Saved data entries
==================================================

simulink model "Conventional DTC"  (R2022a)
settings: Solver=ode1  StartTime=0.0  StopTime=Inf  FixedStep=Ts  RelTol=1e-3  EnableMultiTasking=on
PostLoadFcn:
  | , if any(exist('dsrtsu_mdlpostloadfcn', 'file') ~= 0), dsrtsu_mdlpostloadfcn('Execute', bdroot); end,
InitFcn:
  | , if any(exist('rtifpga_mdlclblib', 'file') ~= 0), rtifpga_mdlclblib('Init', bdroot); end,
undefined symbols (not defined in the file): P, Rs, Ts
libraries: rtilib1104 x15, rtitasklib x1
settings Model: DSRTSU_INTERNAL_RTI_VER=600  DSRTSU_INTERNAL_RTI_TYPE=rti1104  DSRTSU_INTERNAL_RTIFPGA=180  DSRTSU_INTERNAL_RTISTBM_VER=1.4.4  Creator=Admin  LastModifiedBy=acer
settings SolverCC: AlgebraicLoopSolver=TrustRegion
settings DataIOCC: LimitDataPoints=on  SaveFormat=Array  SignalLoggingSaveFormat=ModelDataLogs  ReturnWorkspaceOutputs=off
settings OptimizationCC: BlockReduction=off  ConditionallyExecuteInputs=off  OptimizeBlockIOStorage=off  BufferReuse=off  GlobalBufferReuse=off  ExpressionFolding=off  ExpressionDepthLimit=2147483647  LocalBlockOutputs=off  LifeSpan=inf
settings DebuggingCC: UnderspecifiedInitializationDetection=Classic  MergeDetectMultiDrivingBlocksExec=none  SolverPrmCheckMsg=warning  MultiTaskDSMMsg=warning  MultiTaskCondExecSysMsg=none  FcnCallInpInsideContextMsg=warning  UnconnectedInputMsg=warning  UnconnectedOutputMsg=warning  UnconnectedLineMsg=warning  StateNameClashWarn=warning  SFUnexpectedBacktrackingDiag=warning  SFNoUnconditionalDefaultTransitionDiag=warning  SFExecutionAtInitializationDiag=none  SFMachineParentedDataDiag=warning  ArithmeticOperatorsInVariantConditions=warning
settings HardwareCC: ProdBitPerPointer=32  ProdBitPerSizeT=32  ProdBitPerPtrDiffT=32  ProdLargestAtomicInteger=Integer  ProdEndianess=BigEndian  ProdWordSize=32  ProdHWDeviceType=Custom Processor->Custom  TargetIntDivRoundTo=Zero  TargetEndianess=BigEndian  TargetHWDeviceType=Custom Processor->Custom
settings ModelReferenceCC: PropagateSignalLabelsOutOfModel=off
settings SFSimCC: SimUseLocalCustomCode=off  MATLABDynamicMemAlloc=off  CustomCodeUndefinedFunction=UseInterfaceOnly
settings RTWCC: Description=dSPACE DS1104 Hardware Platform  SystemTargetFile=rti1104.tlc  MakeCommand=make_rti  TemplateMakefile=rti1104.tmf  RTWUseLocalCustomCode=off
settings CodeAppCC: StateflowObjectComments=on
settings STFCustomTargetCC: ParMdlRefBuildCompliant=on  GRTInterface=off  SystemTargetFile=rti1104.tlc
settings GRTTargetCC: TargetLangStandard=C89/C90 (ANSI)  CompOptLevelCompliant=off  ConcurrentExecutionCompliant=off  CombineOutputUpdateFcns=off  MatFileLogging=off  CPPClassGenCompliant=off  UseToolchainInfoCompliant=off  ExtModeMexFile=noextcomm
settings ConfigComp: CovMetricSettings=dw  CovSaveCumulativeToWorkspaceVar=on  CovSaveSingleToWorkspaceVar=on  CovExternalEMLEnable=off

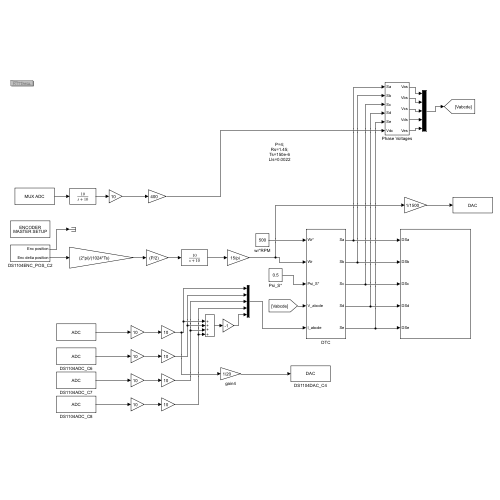
[thumbnail: Simulink's stored preview of the top-level diagram]
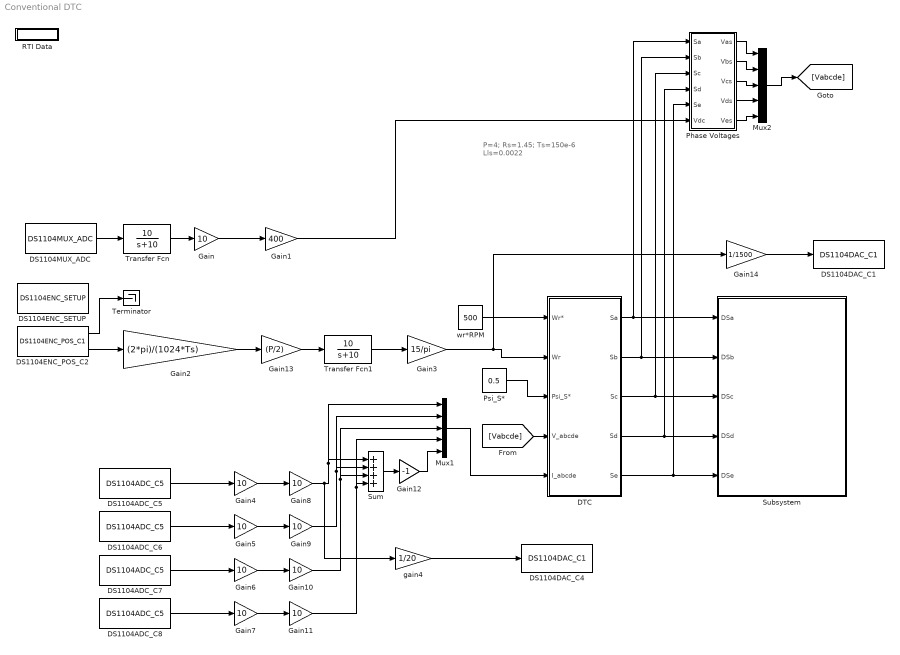
== system Conventional DTC ==
  note: P=4;
      | Rs=1.45;
      | Ts=150e-6
      | Lls=0.0022
  DS1104ADC_C5 : rtilib1104/DS1104 MASTER PPC/DS1104ADC_C5  ChannelNo=5  TriggerMode=0  Reserved1=[]  Reserved2=[]  Reserved3=[]  Reserved4=[]  DialogFcn=gui1104adc  UnitName={ 'DS1104ADC_C' }  UnitValues={ 5 }  DSProperties=struct('RTI',struct('Version',uint32(1),'BlockType',struct('isSLSource',uint8(1),'isSLSink',uint8(0),'isHWSource',uint8(1),'isHWSink',uint8(0),'isSetup',uint8(0),'isInline',uint8(1),'isNonInline',uint8(0),'isInterrupt',uint8(0),'isChannelwise',uint8(1)),'IOBoardType','DS1104MASTER','UnitType','ADC','Identifier','ADC','DialogType','ML','BlockSet','NONE','SlaveProcessor','NONE'))
      settings: SourceProductName=dSPACE RTI1104
  DS1104ADC_C6 : rtilib1104/DS1104 MASTER PPC/DS1104ADC_C5  ChannelNo=6  TriggerMode=0  Reserved1=[]  Reserved2=[]  Reserved3=[]  Reserved4=[]  DialogFcn=gui1104adc  UnitName={ 'DS1104ADC_C' }  UnitValues={ 6 }  DSProperties=struct('RTI',struct('Version',uint32(1),'BlockType',struct('isSLSource',uint8(1),'isSLSink',uint8(0),'isHWSource',uint8(1),'isHWSink',uint8(0),'isSetup',uint8(0),'isInline',uint8(1),'isNonInline',uint8(0),'isInterrupt',uint8(0),'isChannelwise',uint8(1)),'IOBoardType','DS1104MASTER','UnitType','ADC','Identifier','ADC','DialogType','ML','BlockSet','NONE','SlaveProcessor','NONE'))
      settings: SourceProductName=dSPACE RTI1104
  DS1104ADC_C7 : rtilib1104/DS1104 MASTER PPC/DS1104ADC_C5  ChannelNo=7  TriggerMode=0  Reserved1=[]  Reserved2=[]  Reserved3=[]  Reserved4=[]  DialogFcn=gui1104adc  UnitName={ 'DS1104ADC_C' }  UnitValues={ 7 }  DSProperties=struct('RTI',struct('Version',uint32(1),'BlockType',struct('isSLSource',uint8(1),'isSLSink',uint8(0),'isHWSource',uint8(1),'isHWSink',uint8(0),'isSetup',uint8(0),'isInline',uint8(1),'isNonInline',uint8(0),'isInterrupt',uint8(0),'isChannelwise',uint8(1)),'IOBoardType','DS1104MASTER','UnitType','ADC','Identifier','ADC','DialogType','ML','BlockSet','NONE','SlaveProcessor','NONE'))
      settings: SourceProductName=dSPACE RTI1104
  DS1104ADC_C8 : rtilib1104/DS1104 MASTER PPC/DS1104ADC_C5  ChannelNo=8  TriggerMode=0  Reserved1=[]  Reserved2=[]  Reserved3=[]  Reserved4=[]  DialogFcn=gui1104adc  UnitName={ 'DS1104ADC_C' }  UnitValues={ 8 }  DSProperties=struct('RTI',struct('Version',uint32(1),'BlockType',struct('isSLSource',uint8(1),'isSLSink',uint8(0),'isHWSource',uint8(1),'isHWSink',uint8(0),'isSetup',uint8(0),'isInline',uint8(1),'isNonInline',uint8(0),'isInterrupt',uint8(0),'isChannelwise',uint8(1)),'IOBoardType','DS1104MASTER','UnitType','ADC','Identifier','ADC','DialogType','ML','BlockSet','NONE','SlaveProcessor','NONE'))
      settings: SourceProductName=dSPACE RTI1104
  DS1104DAC_C1 : rtilib1104/DS1104 MASTER PPC/DS1104DAC_C1  ChannelNo=1  InitValue=0  TermMode=0  TermValue=0  Reserved1=[]  Reserved2=[]  Reserved3=[]  Reserved4=[]  DialogFcn=gui1104dac  UnitName={ 'DS1104DAC_C'}  UnitValues={ 1 }  DSProperties=struct('RTI',struct('Version',uint32(1),'BlockType',struct('isSLSource',uint8(0),'isSLSink',uint8(1),'isHWSource',uint8(0),'isHWSink',uint8(1),'isSetup',uint8(0),'isInline',uint8(1),'isNonInline',uint8(0),'isInterrupt',uint8(0),'isChannelwise',uint8(1)),'IOBoardType','DS1104MASTER','UnitType','DAC','Identifier','DAC','DialogType','ML','BlockSet','NONE','SlaveProcessor','NONE'))
      settings: SourceProductName=dSPACE RTI1104
  DS1104DAC_C4 : rtilib1104/DS1104 MASTER PPC/DS1104DAC_C1  ChannelNo=4  InitValue=0  TermMode=0  TermValue=0  Reserved1=[]  Reserved2=[]  Reserved3=[]  Reserved4=[]  DialogFcn=gui1104dac  UnitName={ 'DS1104DAC_C'}  UnitValues={4}  DSProperties=struct('RTI',struct('Version',uint32(1),'BlockType',struct('isSLSource',uint8(0),'isSLSink',uint8(1),'isHWSource',uint8(0),'isHWSink',uint8(1),'isSetup',uint8(0),'isInline',uint8(1),'isNonInline',uint8(0),'isInterrupt',uint8(0),'isChannelwise',uint8(1)),'IOBoardType','DS1104MASTER','UnitType','DAC','Identifier','DAC','DialogType','ML','BlockSet','NONE','SlaveProcessor','NONE'))
      settings: SourceProductName=dSPACE RTI1104
  DS1104ENC_POS_C2 : rtilib1104/DS1104 MASTER PPC/DS1104ENC_POS_C1  ChannelNo=2  PosValue=0  Reserved1=[]  Reserved2=[]  Reserved3=[]  Reserved4=[]  DialogFcn=gui1104enc_pos  UnitName={'DS1104ENC_POS_C'}  UnitValues={ 2 }  DSProperties=struct('RTI',struct('Version',uint32(1),'BlockType',struct('isSLSource',uint8(1),'isSLSink',uint8(0),'isHWSource',uint8(1),'isHWSink',uint8(0),'isSetup',uint8(0),'isInline',uint8(1),'isNonInline',uint8(0),'isInterrupt',uint8(0),'isChannelwise',uint8(1)),'IOBoardType','DS1104MASTER','UnitType','ENC','Identifier','ENCPOSCH','DialogType','ML','BlockSet','NONE','SlaveProcessor','NONE'))
      settings: SourceProductName=dSPACE RTI1104
  DS1104ENC_SETUP : rtilib1104/DS1104 MASTER PPC/DS1104ENC_SETUP  Reserved1=[]  Reserved2=[]  Reserved3=[]  Reserved4=[]  DialogFcn=gui1104enc_setup  UnitName={'DS1104ENC_SETUP'}  UnitValues={ [] }  DSProperties=struct('RTI',struct('Version',uint32(1),'BlockType',struct('isSLSource',uint8(0),'isSLSink',uint8(0),'isHWSource',uint8(0),'isHWSink',uint8(0),'isSetup',uint8(0),'isInline',uint8(1),'isNonInline',uint8(0),'isInterrupt',uint8(0),'isChannelwise',uint8(0)),'IOBoardType','DS1104MASTER','UnitType','ENC','Identifier','ENCSETUP','DialogType','ML','BlockSet','NONE','SlaveProcessor','NONE'))
      settings: SourceProductName=dSPACE RTI1104  SignalType=[0 0]
  DS1104MUX_ADC : rtilib1104/DS1104 MASTER PPC/DS1104MUX_ADC  ChannelNos=1  TriggerMode=0  Reserved1=[]  Reserved2=[]  Reserved3=[]  Reserved4=[]  DialogFcn=gui1104mux_adc  UnitName={ 'DS1104MUX_ADC' }  UnitValues={ [] }  DSProperties=struct('RTI',struct('Version',uint32(1),'BlockType',struct('isSLSource',uint8(1),'isSLSink',uint8(0),'isHWSource',uint8(1),'isHWSink',uint8(0),'isSetup',uint8(0),'isInline',uint8(1),'isNonInline',uint8(0),'isInterrupt',uint8(0),'isChannelwise',uint8(0)),'IOBoardType','DS1104MASTER','UnitType','ADC','Identifier','ADCMUX','DialogType','ML','BlockSet','NONE','SlaveProcessor','NONE'))
      settings: SourceProductName=dSPACE RTI1104
  DTC : Subsystem
  Gain{,4..11} (9 alike) : Gain  Gain=10
  Gain1 : Gain  Gain=400
  Gain12 : Gain  Gain=-1
  Gain13 : Gain  Gain=(P/2)
  Gain14 : Gain  Gain=1/1500
  Gain2 : Gain  Gain=(2*pi)/(1024*Ts)
  Gain3 : Gain  Gain=15/pi
  Mux1 : Mux  Inputs=5
  Mux2 : Mux  Inputs=5
  Phase Voltages : Subsystem
  Psi_S* : Constant  Value=0.5
  RTI Data : Subsystem  Tag=struct('RTIDataServer',struct('RTIDataServerVs','2','RTIModelDescription','struct(''main'',''Modified_DTC_PWMnD'',''sub'','''',''isMp'',0)'))  LoadFcn="if exist('rtidc'), try,  rtidc('DataHostBlockClbLoad', gcbh); catch, disp(['Warning: ''LoadFcn'' for RTI Data block failed: ' lasterr]); end, end,"  mask(RTI_DATA_HOST){}
      mask help:
      | RTI Data Block.
      | This block is used by RTI to store internal model-dependent data.
      | Please keep this block on the root level of the model. Deleting this block will result in data loss.
      |
      | NEVER DELETE OR COPY THIS BLOCK!
      settings: CopyFcn="if exist('rtidc'), try,  rtidc('DataHostBlockClbCopy', gcbh); catch, disp(['Warning: ''CopyFcn'' for RTI Data block failed: ' lasterr]); end, end,"  DeleteFcn="if exist('rtidc'), try,  rtidc('DataHostBlockClbDelete', gcbh); catch, disp(['Warning: ''DeleteFcn'' for RTI Data block failed: ' lasterr]); end, end,"  ModelCloseFcn="if exist('rtidc'), try,  rtidc('DataHostBlockClbModelClose', gcbh); catch, disp(['Warning: ''ModelCloseFcn'' for RTI Data block failed: ' lasterr]); end, end,"  PreSaveFcn="if exist('rtidc'), try,  rtidc('DataHostBlockClbPreSave', gcbh); catch, disp(['Warning: ''PreSaveFcn'' for RTI Data block failed: ' lasterr]); end, end,"  PostSaveFcn="if exist('rtidc'), try,  rtidc('DataHostBlockClbPostSave', gcbh); catch, disp(['Warning: ''PostSaveFcn'' for RTI Data block failed: ' lasterr]); end, end,"  NameChangeFcn="if exist('rtidc'), try,  rtidc('DataHostBlockClbNameChange', gcbh); catch, disp(['Warning: ''NameChangeFcn'' for RTI Data block failed: ' lasterr]); end, end,"
      mask Help:
      | RTI Data Block.
      | This block is used by RTI to store internal model-dependent data.
      | Please keep this block on the root level of the model. Deleting this block will result in data loss.
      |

==================================================

• Task to carry out:
Nothing beyond the line that contains "settings Model: DSRTSU_INTERNAL_RTI_VER=600" belongs in the answer; reproduce the entries exactly from their first line through it.

• Response below:
simulink model "Conventional DTC"  (R2022a)
settings: Solver=ode1  StartTime=0.0  StopTime=Inf  FixedStep=Ts  RelTol=1e-3  EnableMultiTasking=on
PostLoadFcn:
  | , if any(exist('dsrtsu_mdlpostloadfcn', 'file') ~= 0), dsrtsu_mdlpostloadfcn('Execute', bdroot); end,
InitFcn:
  | , if any(exist('rtifpga_mdlclblib', 'file') ~= 0), rtifpga_mdlclblib('Init', bdroot); end,
undefined symbols (not defined in the file): P, Rs, Ts
libraries: rtilib1104 x15, rtitasklib x1
settings Model: DSRTSU_INTERNAL_RTI_VER=600  DSRTSU_INTERNAL_RTI_TYPE=rti1104  DSRTSU_INTERNAL_RTIFPGA=180  DSRTSU_INTERNAL_RTISTBM_VER=1.4.4  Creator=Admin  LastModifiedBy=acer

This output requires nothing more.